C’est à ce moment là que se produisirent deux événements à priori sans rapport aucun : Gavin descendit du ring et Cornelius s’étrangla avec une cacahuète. Mais une cacahuète en entraînant une autre, c’est un vrai torrent à base d’arachide qui sortit d’une manière ma foi fort peu poétique de la gorge de Cornelius et qui submergea notre bon catcheur/journaliste (le quel est le plus farfelu, je vous laisse seuls juges). Bien qu’on eût pu objecter que ça ne se voyait pas trop sur son t-shirt, ce dernier ne sembla guère apprécier la chose et s’empourpra de manière à ressembler à un type en colère qui vient de se faire vomir dessus. Et c’est dans ces mots qu’il s’exprima (je vais essayer de faire autant de fautes que dans ses articles, mais je ne suis pas sûr de pouvoir rendre justice à sa créativité débordante dans ce domaine) :
-Oh putain tu m’as vomi dessus dais cacaa houette !
Et, parce qu’il doit bien se passer quelque chose dans cette histoire :
-Je te défie ! deux mains, m’aime heure,, même en droit ! rugit Gavin. Moi et Ted Dibiase contre toit et nain porte qui !
-Mais qu’est-ce que tu me wacontes là ? Fit Cornelius dans une fort cocasse imitation d’Arnold et Willy. Tu veux te battre ? C’est d’accord ! Continua-t-il avec un entrain qui tira Subconscient de sa torpeur. Puis, après une salutaire mais tardive réflexion : non, tout compte fait, demain je peux pas, c’est jour de lessive allez, sans rancune ! Au fait, tu voudrais bien me signer un autographe ?
-Paquet stion ! Tas intérêt à te poing tté sinon jette retrouverai et puis je te tue Ray.
-Et ben ! J’aimerais pas me retrouver à la place de ce Ray, c’est moi qui te le dit. M’est avis qu’il va passer un sale quart d’heure, hé hé !
Ce dialogue au demeurant passionnant aurait pu s’éterniser sur de nombreuses pages, mais comme toutes les choses, même les pires, ont une fin, Gavin décida de regagner son vestiaire au terme de fascinant échange, bien qu’il n’ait sans doute pas formulé sa pensée avec autant de mots dépassant les deux syllabes. Quoi qu’il en soit, la soirée arrivait maintenant à son terme, et Cornelius, accompagné de Subconscient et d’un puissant arôme de cacahuètes tentaient de se faufiler parmi la masse con-pacte des Impériaux. Lorsqu’enfin il fut sorti du bâtiment, il décida de flâner un peu sur les rives du Reik, histoire bien digérer toutes ces cacahuètes.
" je crois que je vais faire une petite promenade digestive sur les rives du Reik, moi. "
" Franchement, j’aurais jamais cru que tu oserais nous ressortir le gag du type qui répète tout une bonne trentaine de fois " répondit Subconscient bien qu’on ne lui ait pas posé de question.
Durant plusieurs minutes, le seul bruit qu’on entendit fut le pas de Cornelius.

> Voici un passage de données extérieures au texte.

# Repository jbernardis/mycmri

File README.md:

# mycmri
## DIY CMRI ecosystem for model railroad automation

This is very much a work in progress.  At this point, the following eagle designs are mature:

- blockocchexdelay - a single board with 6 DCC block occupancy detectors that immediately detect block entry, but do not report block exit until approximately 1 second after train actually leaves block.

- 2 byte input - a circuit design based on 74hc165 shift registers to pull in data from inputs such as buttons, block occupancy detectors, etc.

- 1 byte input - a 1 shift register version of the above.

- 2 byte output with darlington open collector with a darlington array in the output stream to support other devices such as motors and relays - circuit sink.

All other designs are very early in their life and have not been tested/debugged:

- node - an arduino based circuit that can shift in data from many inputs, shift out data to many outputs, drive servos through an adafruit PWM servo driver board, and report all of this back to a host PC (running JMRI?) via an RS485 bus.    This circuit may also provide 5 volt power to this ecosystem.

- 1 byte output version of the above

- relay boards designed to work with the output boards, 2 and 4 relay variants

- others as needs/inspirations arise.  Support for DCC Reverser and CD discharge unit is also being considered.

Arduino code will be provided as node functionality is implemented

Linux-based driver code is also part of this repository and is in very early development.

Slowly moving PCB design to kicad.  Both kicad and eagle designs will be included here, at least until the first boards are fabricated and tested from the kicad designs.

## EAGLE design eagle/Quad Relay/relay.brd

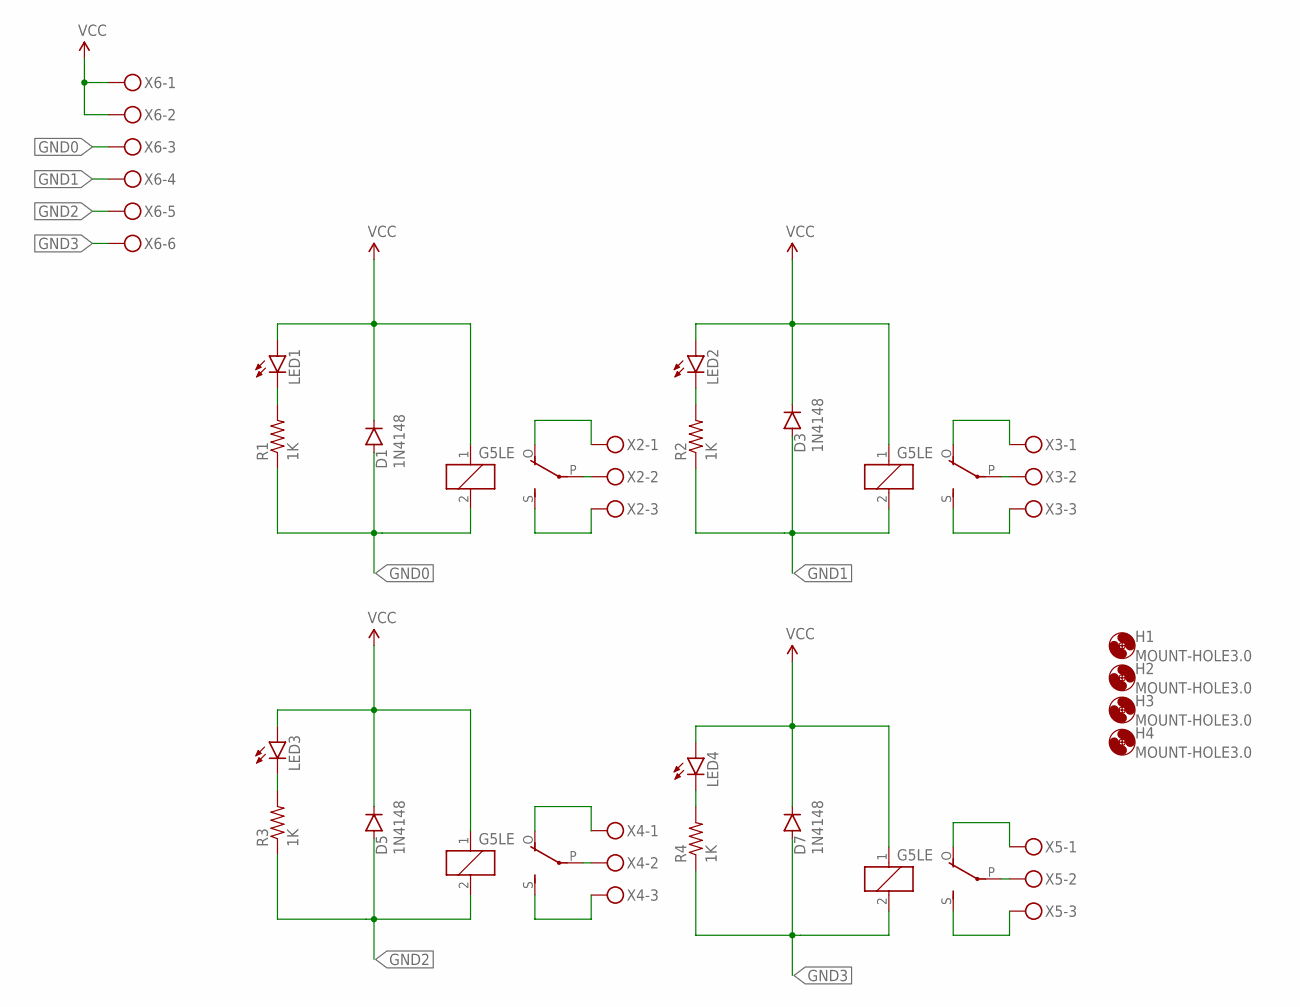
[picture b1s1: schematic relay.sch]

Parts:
D1, D3, D5, D7: 1N4148; DIODE-1N4148-KIT
H1, H2, H3, H4: MOUNT-HOLE3.0; 3,0
K1, K2, K3, K4: G5LE
LED1, LED2, LED3, LED4: LED3MM
R1, R2, R3, R4: 1K; AXIAL-0.3EZ
X2, X3, X4, X5: MKDSN1,5/3-5,08
X6: MKDSN1,5/6-5,08

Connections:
GND0: D1.A, K2.2, R1.P$1 (1), X6.3
GND1: D3.A, K1.2, R2.P$1 (1), X6.4
GND2: D5.A, K3.2, R3.P$1 (1), X6.5
GND3: D7.A, K4.2, R4.P$1 (1), X6.6
unnamed: K2.P, X2.2
unnamed: K2.S, X2.3
unnamed: K2.O, X2.1
unnamed: LED2.K (C), R2.P$2 (2)
unnamed: K1.P, X3.2
unnamed: K1.S, X3.3
unnamed: K1.O, X3.1
unnamed: LED3.K (C), R3.P$2 (2)
unnamed: LED1.K (C), R1.P$2 (2)
unnamed: K3.P, X4.2
unnamed: K3.S, X4.3
unnamed: K3.O, X4.1
unnamed: LED4.K (C), R4.P$2 (2)
unnamed: K4.P, X5.2
unnamed: K4.S, X5.3
unnamed: K4.O, X5.1
VCC: D1.C, D3.C, D5.C, D7.C, K1.1, K2.1, K3.1, K4.1, LED1.A, LED2.A, LED3.A, LED4.A, X6.1, X6.2

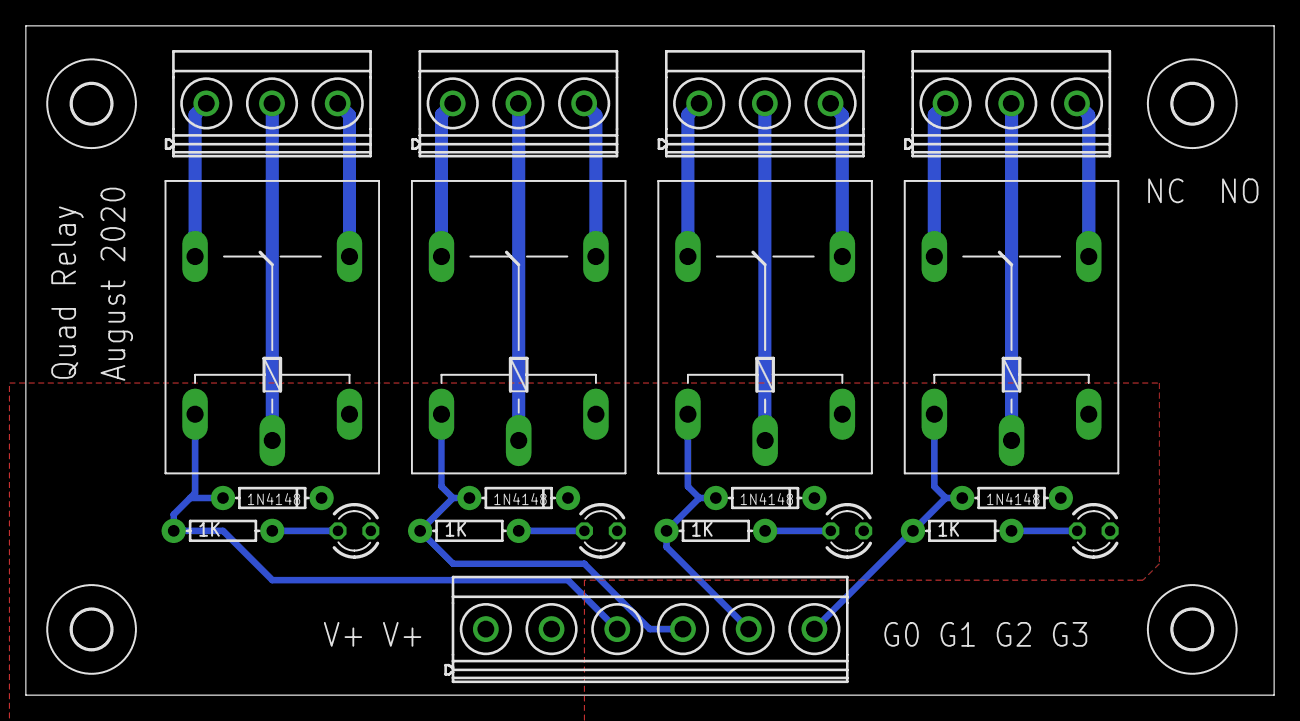
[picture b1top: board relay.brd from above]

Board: 2 copper layers, 96.5 x 51.7 mm, 25 parts (0 on the bottom side), 21 nets.

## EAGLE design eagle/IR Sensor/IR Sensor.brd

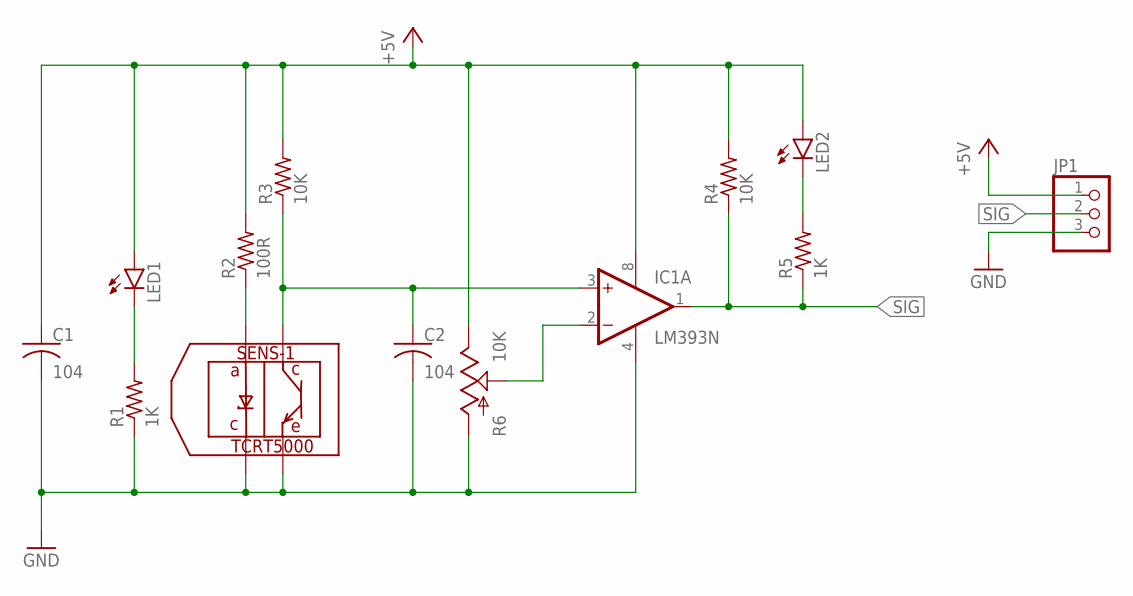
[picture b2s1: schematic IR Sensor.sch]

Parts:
C1, C2: 104; C050-045X075
IC1: LM393N; DIL08
JP1: PINHD-1X3; 1X03
LED1, LED2: LED3MM
R1, R5: 1K; 0207/7
R2: 100R; 0207/7
R3, R4: 10K; 0207/7
R6: 10K; CA6V
SENS-1: TCRT5000; 5000

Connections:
+5V: C1.1, IC1.8 (V+), JP1.1, LED1.A, LED2.A, R2.2, R3.2, R4.2, R6.E
GND: C1.2, C2.2, IC1.4 (V-), JP1.3, R1.1, R6.A, SENS-1.P$2, SENS-1.P$4
unnamed: LED1.K (C), R1.2
unnamed: IC1.2 (-IN), R6.S
unnamed: R2.1, SENS-1.P$3
unnamed: C2.1, IC1.3 (+IN), R3.1, SENS-1.P$1
unnamed: LED2.K (C), R5.2
SIG: IC1.1 (OUT), JP1.2, R4.1, R5.1

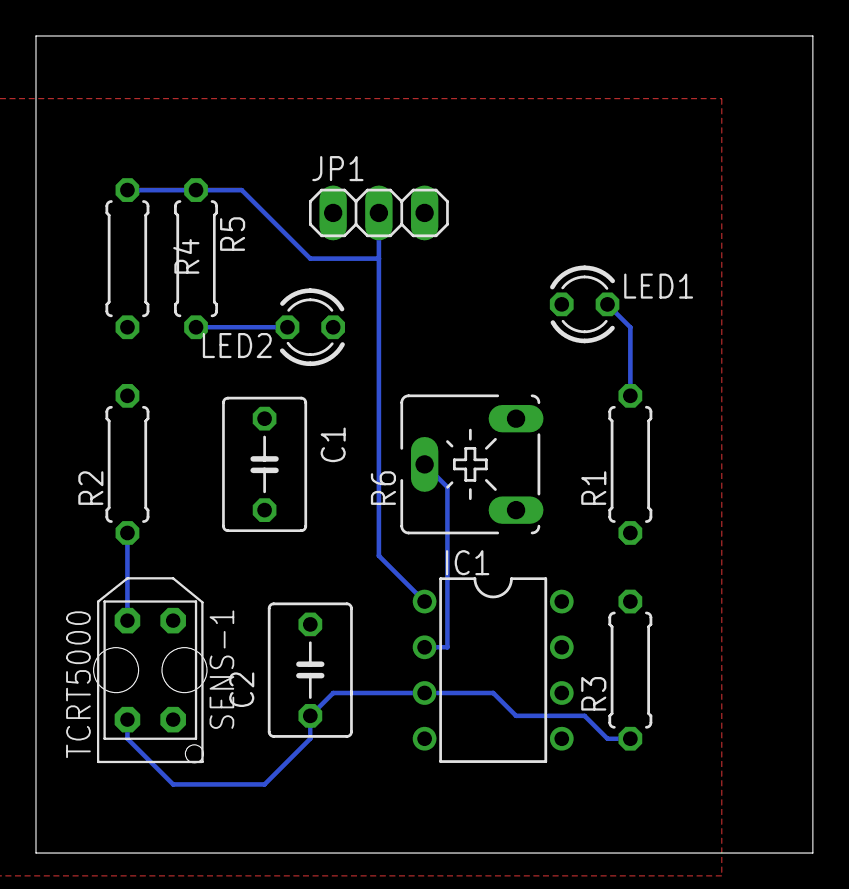
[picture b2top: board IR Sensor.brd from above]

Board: 2 copper layers, 43.2 x 45.4 mm, 13 parts (0 on the bottom side), 8 nets.

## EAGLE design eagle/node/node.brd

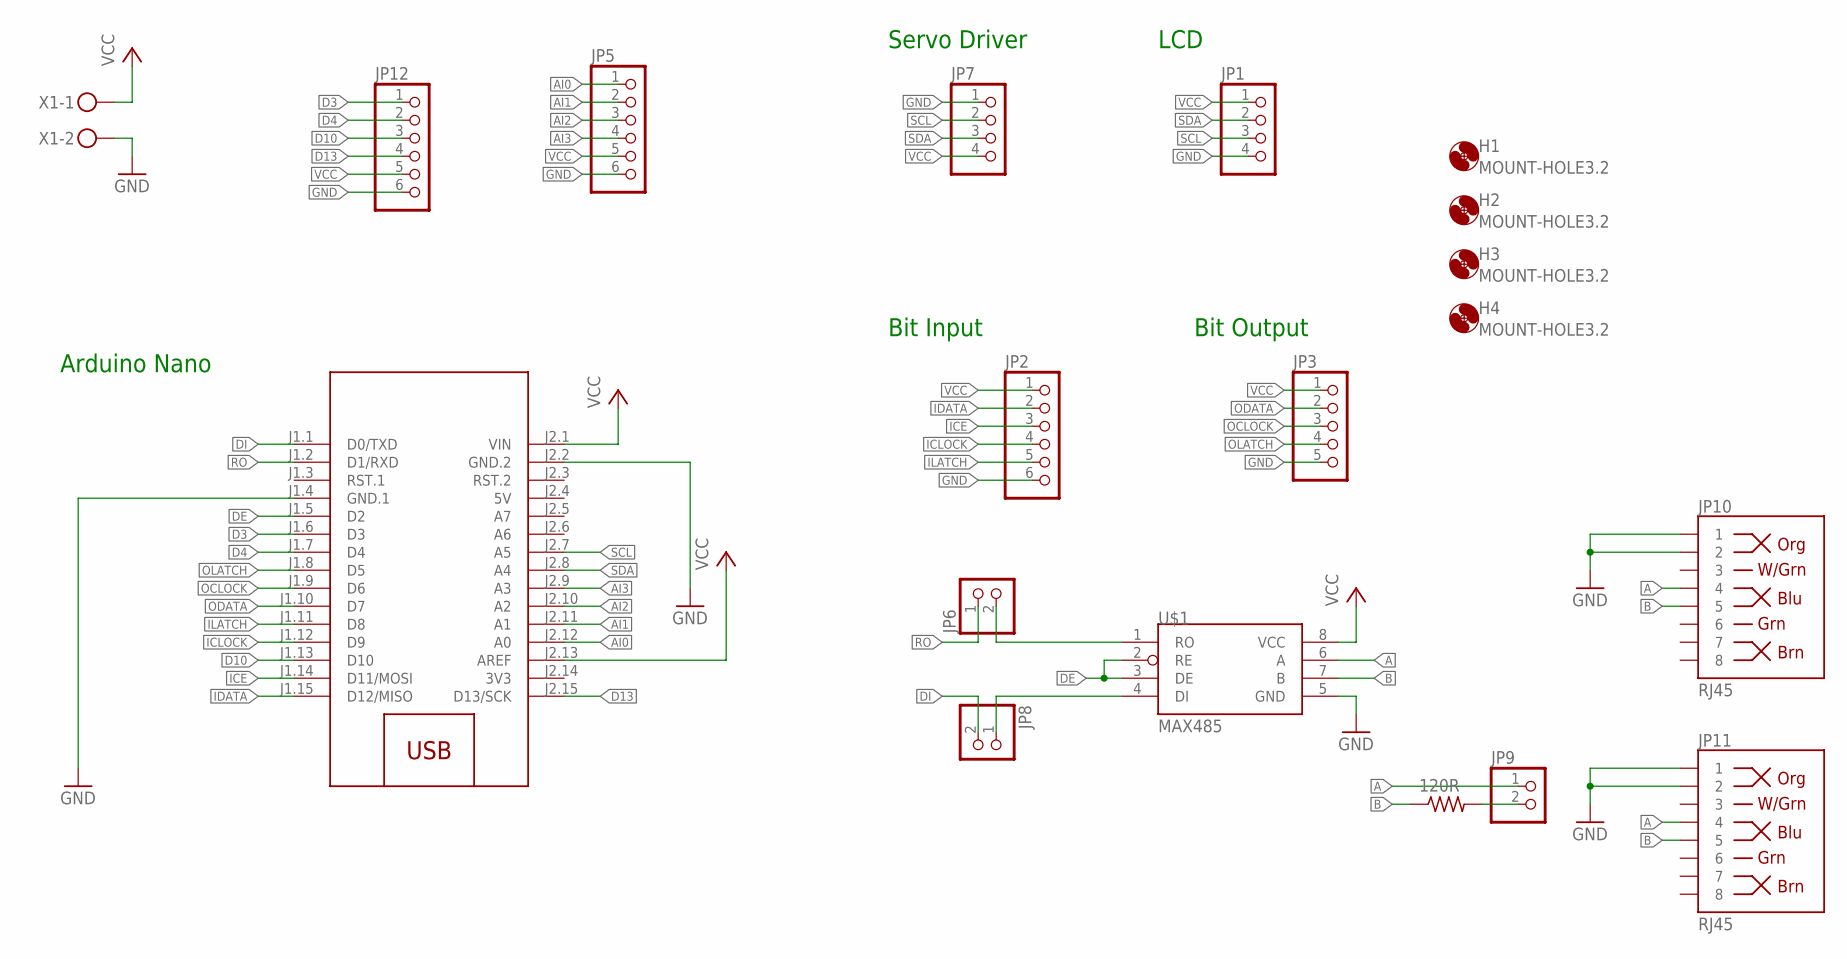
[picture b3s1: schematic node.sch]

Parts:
H1, H2, H3, H4: MOUNT-HOLE3.2; 3,2
JP1, JP7: PINHD-1X4/90; 1X04/90
JP2: PINHD-1X6/90; 1X06/90
JP3: PINHD-1X5/90; 1X05/90
JP5, JP12: PINHD-1X6; 1X06
JP6, JP8, JP9: PINHD-1X2; 1X02
JP10, JP11: RJ45; RJ45-8
M1: ARDUINO-NANO-3.0
R2: 120R; 0207/2V
U$1: MAX485; DIL08
X1: MKDSN1,5/2-5,08

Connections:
3V3: M1.J2.14 (3V3)
5V: M1.J2.4 (5V)
A: JP9.1, JP10.4, JP11.4, U$1.6 (A)
AI0: JP5.1, M1.J2.12 (A0)
AI1: JP5.2, M1.J2.11 (A1)
AI2: JP5.3, M1.J2.10 (A2)
AI3: JP5.4, M1.J2.9 (A3)
B: JP10.5, JP11.5, R2.1, U$1.7 (B)
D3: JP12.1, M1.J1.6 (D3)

" Au fait, on est dans le Middenland ici. Le Reik coule à plusieurs centaines de lieues d’ici, tu sais. "
" C’est vrai, tu as raison, continua Cornelius. Je me demande ce que je ferais sans toi. Allez, on a intérêt à se presser si on veut rentrer avant le couvre-feu. "
Subconscient, fidèle à ses habitudes, était sur le point de formuler une objection lorsque tout à coup une silhouette se découpa sur le bord de la route :
-Hum-hum, fit une voix désincarnée.
-Une pastille de menthe ? Proposa Cornellius.
L’apparition avança dans la lumière et le Tatooïnien put la contempler longuement. S’il avait fallu la décrire, et bien en fait on aurait exactement dit JRR Tolkien avec ce qu’il faut de transparence et de couleur verdâtre pour ressembler à un fantôme.
-Ah, je vois, fit Cornelius. Vous vous êêtes passés le mot. Vous non plus, vous n’êtes pas un gros mangeur, pas vrai ? Et bien, vous voyez Subconscient ? Ah non, c’est vrai, vous pouvez pas le voir. Ben lui non plus y mange pas beaucoup. C’est dommage, c’étaient de bonnes pastilles à la menthe. Seulement deux calories, en plus. Vous comprenez, je fais attention à ce que je mange. D’un autre côté, vous avez pas l’air de comprendre.
Ce fut au tour de Tolkien d’étudier Cornelius de la tête aux pieds, sans un mot. Puis, finalement, d’une voix sépulcrale :
-Je crois savoir qu’actuellement un diffférent vous oppose à un certain Gavin Thorpe, et il se trouve que moi-même j’ai quelques comptes à régler avec lui. Donc, l’occasion semble parfaite et je vous propose mon aide dans les épreuves qui vous attendent demain.
-Vous voulez dire que vous voulez faire un match de catch à quatre avec moi contre Gavin Thorpe et Million Dollar man Ted Dibiase ?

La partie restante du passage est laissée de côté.